About this task:
Copy every entry verbatim and skip the pictures.

Available data:
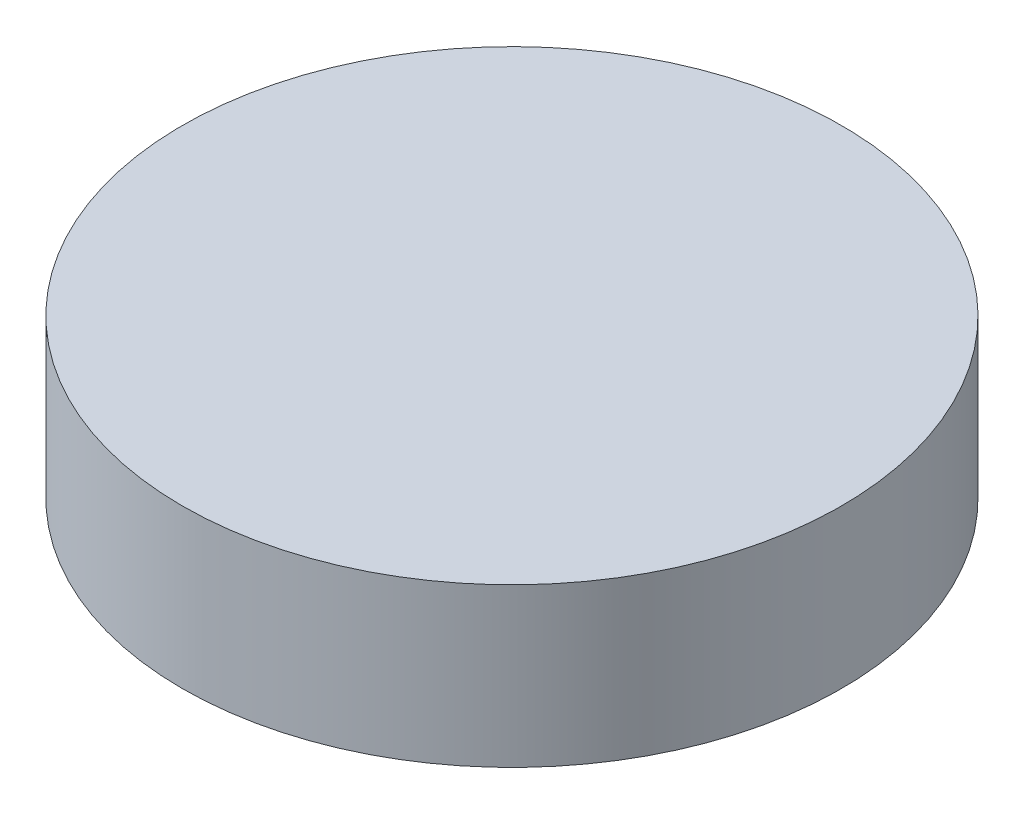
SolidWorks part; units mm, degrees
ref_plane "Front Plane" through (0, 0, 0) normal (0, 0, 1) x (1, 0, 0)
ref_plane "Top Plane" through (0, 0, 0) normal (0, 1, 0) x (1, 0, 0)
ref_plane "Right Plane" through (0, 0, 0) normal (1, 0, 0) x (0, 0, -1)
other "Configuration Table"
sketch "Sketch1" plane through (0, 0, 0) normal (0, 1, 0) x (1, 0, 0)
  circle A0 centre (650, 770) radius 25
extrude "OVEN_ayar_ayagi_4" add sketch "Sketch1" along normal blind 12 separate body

Expected answer:
SolidWorks part; units mm, degrees
ref_plane "Front Plane" through (0, 0, 0) normal (0, 0, 1) x (1, 0, 0)
ref_plane "Top Plane" through (0, 0, 0) normal (0, 1, 0) x (1, 0, 0)
ref_plane "Right Plane" through (0, 0, 0) normal (1, 0, 0) x (0, 0, -1)
other "Configuration Table"
sketch "Sketch1" plane through (0, 0, 0) normal (0, 1, 0) x (1, 0, 0)
  circle A0 centre (650, 770) radius 25
extrude "OVEN_ayar_ayagi_4" add sketch "Sketch1" along normal blind 12 separate body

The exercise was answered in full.